* [What you have to do] Set each entry down verbatim, omitting images.

__________

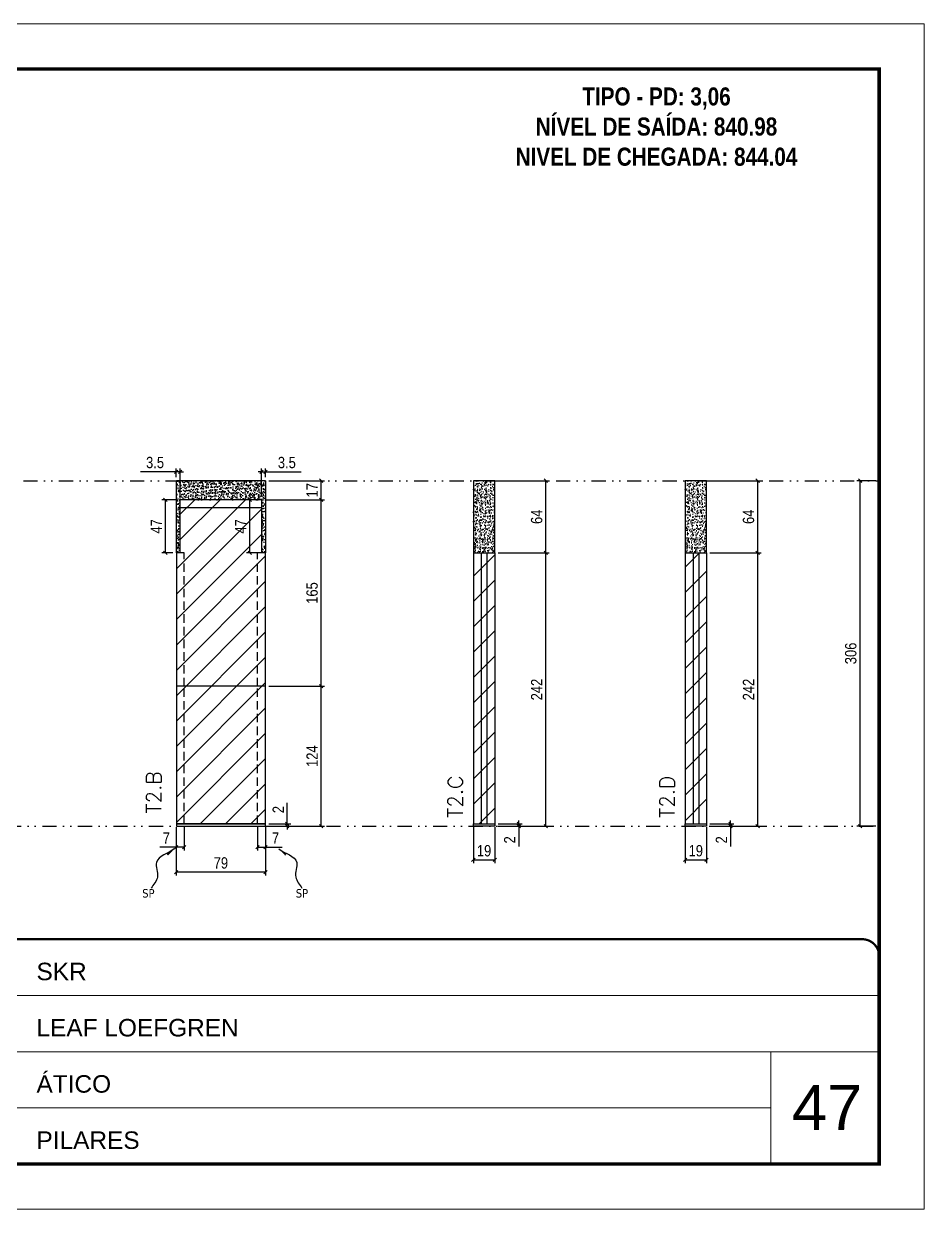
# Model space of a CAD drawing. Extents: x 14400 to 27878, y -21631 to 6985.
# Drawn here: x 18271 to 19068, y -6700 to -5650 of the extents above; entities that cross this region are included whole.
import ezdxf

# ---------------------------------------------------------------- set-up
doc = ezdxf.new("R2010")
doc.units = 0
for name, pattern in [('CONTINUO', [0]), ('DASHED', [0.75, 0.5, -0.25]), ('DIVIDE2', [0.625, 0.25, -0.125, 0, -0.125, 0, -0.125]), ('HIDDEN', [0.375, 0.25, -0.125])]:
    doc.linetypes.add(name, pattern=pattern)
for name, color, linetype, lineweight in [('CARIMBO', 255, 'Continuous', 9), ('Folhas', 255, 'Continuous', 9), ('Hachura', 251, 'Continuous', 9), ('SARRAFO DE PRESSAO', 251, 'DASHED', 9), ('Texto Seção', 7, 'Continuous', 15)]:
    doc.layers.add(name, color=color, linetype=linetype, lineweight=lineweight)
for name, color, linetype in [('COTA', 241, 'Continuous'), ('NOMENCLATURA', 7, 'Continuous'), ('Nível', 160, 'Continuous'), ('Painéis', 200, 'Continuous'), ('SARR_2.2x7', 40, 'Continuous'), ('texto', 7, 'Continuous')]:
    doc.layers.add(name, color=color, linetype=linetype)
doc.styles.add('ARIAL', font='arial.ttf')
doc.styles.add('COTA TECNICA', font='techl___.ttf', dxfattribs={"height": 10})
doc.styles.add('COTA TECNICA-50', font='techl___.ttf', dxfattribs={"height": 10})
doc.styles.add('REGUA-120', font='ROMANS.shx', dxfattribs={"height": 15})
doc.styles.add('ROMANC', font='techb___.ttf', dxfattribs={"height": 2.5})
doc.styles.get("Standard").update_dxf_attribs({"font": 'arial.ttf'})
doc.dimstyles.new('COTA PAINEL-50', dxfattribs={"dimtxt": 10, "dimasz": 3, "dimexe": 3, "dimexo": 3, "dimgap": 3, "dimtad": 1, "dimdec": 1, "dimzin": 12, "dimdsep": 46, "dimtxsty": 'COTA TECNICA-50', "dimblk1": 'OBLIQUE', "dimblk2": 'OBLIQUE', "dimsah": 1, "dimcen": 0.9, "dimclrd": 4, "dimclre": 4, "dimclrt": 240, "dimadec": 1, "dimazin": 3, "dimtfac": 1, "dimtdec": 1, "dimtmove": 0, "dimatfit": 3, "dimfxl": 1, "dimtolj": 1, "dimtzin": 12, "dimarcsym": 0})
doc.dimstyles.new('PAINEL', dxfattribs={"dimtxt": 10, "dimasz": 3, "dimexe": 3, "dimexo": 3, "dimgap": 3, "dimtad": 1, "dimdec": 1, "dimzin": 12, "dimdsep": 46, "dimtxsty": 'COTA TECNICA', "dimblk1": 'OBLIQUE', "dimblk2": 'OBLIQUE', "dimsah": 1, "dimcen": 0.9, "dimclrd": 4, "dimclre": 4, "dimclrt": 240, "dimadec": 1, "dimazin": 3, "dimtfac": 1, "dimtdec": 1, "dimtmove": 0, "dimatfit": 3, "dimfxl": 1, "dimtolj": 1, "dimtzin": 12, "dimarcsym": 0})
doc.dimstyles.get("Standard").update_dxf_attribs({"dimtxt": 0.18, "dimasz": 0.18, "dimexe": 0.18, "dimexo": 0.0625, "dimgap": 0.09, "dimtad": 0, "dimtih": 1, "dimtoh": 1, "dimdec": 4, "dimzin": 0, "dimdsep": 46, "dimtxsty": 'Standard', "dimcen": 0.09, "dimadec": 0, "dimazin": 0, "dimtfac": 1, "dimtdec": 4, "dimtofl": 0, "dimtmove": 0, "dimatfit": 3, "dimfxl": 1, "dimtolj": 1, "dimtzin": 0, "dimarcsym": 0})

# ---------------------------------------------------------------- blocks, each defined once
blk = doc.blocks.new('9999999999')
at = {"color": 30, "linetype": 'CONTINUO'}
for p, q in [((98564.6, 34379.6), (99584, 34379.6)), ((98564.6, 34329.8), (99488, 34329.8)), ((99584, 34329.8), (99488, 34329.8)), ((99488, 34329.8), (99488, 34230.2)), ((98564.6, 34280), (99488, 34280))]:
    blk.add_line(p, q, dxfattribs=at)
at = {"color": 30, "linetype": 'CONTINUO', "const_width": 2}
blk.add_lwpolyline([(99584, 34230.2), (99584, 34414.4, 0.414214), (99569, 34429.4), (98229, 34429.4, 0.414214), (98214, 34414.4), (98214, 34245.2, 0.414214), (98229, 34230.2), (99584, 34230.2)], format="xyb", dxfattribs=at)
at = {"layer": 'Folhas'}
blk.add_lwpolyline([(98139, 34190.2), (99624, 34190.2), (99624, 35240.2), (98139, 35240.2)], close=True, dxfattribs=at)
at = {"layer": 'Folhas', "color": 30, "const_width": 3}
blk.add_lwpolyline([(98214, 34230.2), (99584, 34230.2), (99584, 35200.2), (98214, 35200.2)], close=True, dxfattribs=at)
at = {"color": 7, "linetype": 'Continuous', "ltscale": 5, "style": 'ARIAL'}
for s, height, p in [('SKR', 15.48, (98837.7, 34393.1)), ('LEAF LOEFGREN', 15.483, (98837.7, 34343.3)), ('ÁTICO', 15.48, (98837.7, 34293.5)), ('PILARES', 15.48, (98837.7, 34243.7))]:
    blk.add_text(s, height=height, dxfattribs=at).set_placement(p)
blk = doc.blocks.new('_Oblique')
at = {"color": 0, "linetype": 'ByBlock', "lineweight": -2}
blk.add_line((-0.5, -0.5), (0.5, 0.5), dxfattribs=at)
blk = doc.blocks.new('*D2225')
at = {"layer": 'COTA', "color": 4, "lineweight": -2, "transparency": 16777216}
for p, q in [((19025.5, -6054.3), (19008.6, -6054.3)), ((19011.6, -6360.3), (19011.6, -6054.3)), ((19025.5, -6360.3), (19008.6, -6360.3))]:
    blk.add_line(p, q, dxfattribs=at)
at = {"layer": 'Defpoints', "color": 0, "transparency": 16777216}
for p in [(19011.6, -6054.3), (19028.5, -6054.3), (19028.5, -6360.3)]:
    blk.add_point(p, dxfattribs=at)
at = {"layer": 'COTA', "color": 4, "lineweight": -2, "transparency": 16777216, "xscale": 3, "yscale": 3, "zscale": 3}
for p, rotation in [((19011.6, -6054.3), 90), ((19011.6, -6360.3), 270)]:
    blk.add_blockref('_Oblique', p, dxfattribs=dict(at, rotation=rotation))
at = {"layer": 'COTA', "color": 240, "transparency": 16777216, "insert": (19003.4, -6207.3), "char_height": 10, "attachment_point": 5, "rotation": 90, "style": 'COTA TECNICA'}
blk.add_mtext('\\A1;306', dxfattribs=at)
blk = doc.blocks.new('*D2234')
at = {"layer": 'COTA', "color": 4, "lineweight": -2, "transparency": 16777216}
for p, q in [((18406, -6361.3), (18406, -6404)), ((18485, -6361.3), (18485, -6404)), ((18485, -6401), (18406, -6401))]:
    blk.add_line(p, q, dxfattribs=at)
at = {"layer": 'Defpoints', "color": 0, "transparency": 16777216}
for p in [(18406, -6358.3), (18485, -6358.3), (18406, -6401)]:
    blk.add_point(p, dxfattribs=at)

__________

* [Result for this exercise]
# Model space of a CAD drawing. Extents: x 14400 to 27878, y -21631 to 6985.
# Drawn here: x 18271 to 19068, y -6700 to -5650 of the extents above; entities that cross this region are included whole.
import ezdxf

# ---------------------------------------------------------------- set-up
doc = ezdxf.new("R2010")
doc.units = 0
for name, pattern in [('CONTINUO', [0]), ('DASHED', [0.75, 0.5, -0.25]), ('DIVIDE2', [0.625, 0.25, -0.125, 0, -0.125, 0, -0.125]), ('HIDDEN', [0.375, 0.25, -0.125])]:
    doc.linetypes.add(name, pattern=pattern)
for name, color, linetype, lineweight in [('CARIMBO', 255, 'Continuous', 9), ('Folhas', 255, 'Continuous', 9), ('Hachura', 251, 'Continuous', 9), ('SARRAFO DE PRESSAO', 251, 'DASHED', 9), ('Texto Seção', 7, 'Continuous', 15)]:
    doc.layers.add(name, color=color, linetype=linetype, lineweight=lineweight)
for name, color, linetype in [('COTA', 241, 'Continuous'), ('NOMENCLATURA', 7, 'Continuous'), ('Nível', 160, 'Continuous'), ('Painéis', 200, 'Continuous'), ('SARR_2.2x7', 40, 'Continuous'), ('texto', 7, 'Continuous')]:
    doc.layers.add(name, color=color, linetype=linetype)
doc.styles.add('ARIAL', font='arial.ttf')
doc.styles.add('COTA TECNICA', font='techl___.ttf', dxfattribs={"height": 10})
doc.styles.add('COTA TECNICA-50', font='techl___.ttf', dxfattribs={"height": 10})
doc.styles.add('REGUA-120', font='ROMANS.shx', dxfattribs={"height": 15})
doc.styles.add('ROMANC', font='techb___.ttf', dxfattribs={"height": 2.5})
doc.styles.get("Standard").update_dxf_attribs({"font": 'arial.ttf'})
doc.dimstyles.new('COTA PAINEL-50', dxfattribs={"dimtxt": 10, "dimasz": 3, "dimexe": 3, "dimexo": 3, "dimgap": 3, "dimtad": 1, "dimdec": 1, "dimzin": 12, "dimdsep": 46, "dimtxsty": 'COTA TECNICA-50', "dimblk1": 'OBLIQUE', "dimblk2": 'OBLIQUE', "dimsah": 1, "dimcen": 0.9, "dimclrd": 4, "dimclre": 4, "dimclrt": 240, "dimadec": 1, "dimazin": 3, "dimtfac": 1, "dimtdec": 1, "dimtmove": 0, "dimatfit": 3, "dimfxl": 1, "dimtolj": 1, "dimtzin": 12, "dimarcsym": 0})
doc.dimstyles.new('PAINEL', dxfattribs={"dimtxt": 10, "dimasz": 3, "dimexe": 3, "dimexo": 3, "dimgap": 3, "dimtad": 1, "dimdec": 1, "dimzin": 12, "dimdsep": 46, "dimtxsty": 'COTA TECNICA', "dimblk1": 'OBLIQUE', "dimblk2": 'OBLIQUE', "dimsah": 1, "dimcen": 0.9, "dimclrd": 4, "dimclre": 4, "dimclrt": 240, "dimadec": 1, "dimazin": 3, "dimtfac": 1, "dimtdec": 1, "dimtmove": 0, "dimatfit": 3, "dimfxl": 1, "dimtolj": 1, "dimtzin": 12, "dimarcsym": 0})
doc.dimstyles.get("Standard").update_dxf_attribs({"dimtxt": 0.18, "dimasz": 0.18, "dimexe": 0.18, "dimexo": 0.0625, "dimgap": 0.09, "dimtad": 0, "dimtih": 1, "dimtoh": 1, "dimdec": 4, "dimzin": 0, "dimdsep": 46, "dimtxsty": 'Standard', "dimcen": 0.09, "dimadec": 0, "dimazin": 0, "dimtfac": 1, "dimtdec": 4, "dimtofl": 0, "dimtmove": 0, "dimatfit": 3, "dimfxl": 1, "dimtolj": 1, "dimtzin": 0, "dimarcsym": 0})

# ---------------------------------------------------------------- blocks, each defined once
blk = doc.blocks.new('9999999999')
at = {"color": 30, "linetype": 'CONTINUO'}
for p, q in [((98564.6, 34379.6), (99584, 34379.6)), ((98564.6, 34329.8), (99488, 34329.8)), ((99584, 34329.8), (99488, 34329.8)), ((99488, 34329.8), (99488, 34230.2)), ((98564.6, 34280), (99488, 34280))]:
    blk.add_line(p, q, dxfattribs=at)
at = {"color": 30, "linetype": 'CONTINUO', "const_width": 2}
blk.add_lwpolyline([(99584, 34230.2), (99584, 34414.4, 0.414214), (99569, 34429.4), (98229, 34429.4, 0.414214), (98214, 34414.4), (98214, 34245.2, 0.414214), (98229, 34230.2), (99584, 34230.2)], format="xyb", dxfattribs=at)
at = {"layer": 'Folhas'}
blk.add_lwpolyline([(98139, 34190.2), (99624, 34190.2), (99624, 35240.2), (98139, 35240.2)], close=True, dxfattribs=at)
at = {"layer": 'Folhas', "color": 30, "const_width": 3}
blk.add_lwpolyline([(98214, 34230.2), (99584, 34230.2), (99584, 35200.2), (98214, 35200.2)], close=True, dxfattribs=at)
at = {"color": 7, "linetype": 'Continuous', "ltscale": 5, "style": 'ARIAL'}
for s, height, p in [('SKR', 15.48, (98837.7, 34393.1)), ('LEAF LOEFGREN', 15.483, (98837.7, 34343.3)), ('ÁTICO', 15.48, (98837.7, 34293.5)), ('PILARES', 15.48, (98837.7, 34243.7))]:
    blk.add_text(s, height=height, dxfattribs=at).set_placement(p)
blk = doc.blocks.new('_Oblique')
at = {"color": 0, "linetype": 'ByBlock', "lineweight": -2}
blk.add_line((-0.5, -0.5), (0.5, 0.5), dxfattribs=at)
blk = doc.blocks.new('*D2225')
at = {"layer": 'COTA', "color": 4, "lineweight": -2, "transparency": 16777216}
for p, q in [((19025.5, -6054.3), (19008.6, -6054.3)), ((19011.6, -6360.3), (19011.6, -6054.3)), ((19025.5, -6360.3), (19008.6, -6360.3))]:
    blk.add_line(p, q, dxfattribs=at)
at = {"layer": 'Defpoints', "color": 0, "transparency": 16777216}
for p in [(19011.6, -6054.3), (19028.5, -6054.3), (19028.5, -6360.3)]:
    blk.add_point(p, dxfattribs=at)
at = {"layer": 'COTA', "color": 4, "lineweight": -2, "transparency": 16777216, "xscale": 3, "yscale": 3, "zscale": 3}
for p, rotation in [((19011.6, -6054.3), 90), ((19011.6, -6360.3), 270)]:
    blk.add_blockref('_Oblique', p, dxfattribs=dict(at, rotation=rotation))
at = {"layer": 'COTA', "color": 240, "transparency": 16777216, "insert": (19003.4, -6207.3), "char_height": 10, "attachment_point": 5, "rotation": 90, "style": 'COTA TECNICA'}
blk.add_mtext('\\A1;306', dxfattribs=at)
blk = doc.blocks.new('*D2234')
at = {"layer": 'COTA', "color": 4, "lineweight": -2, "transparency": 16777216}
for p, q in [((18406, -6361.3), (18406, -6404)), ((18485, -6361.3), (18485, -6404)), ((18485, -6401), (18406, -6401))]:
    blk.add_line(p, q, dxfattribs=at)
at = {"layer": 'Defpoints', "color": 0, "transparency": 16777216}
for p in [(18406, -6358.3), (18485, -6358.3), (18406, -6401)]:
    blk.add_point(p, dxfattribs=at)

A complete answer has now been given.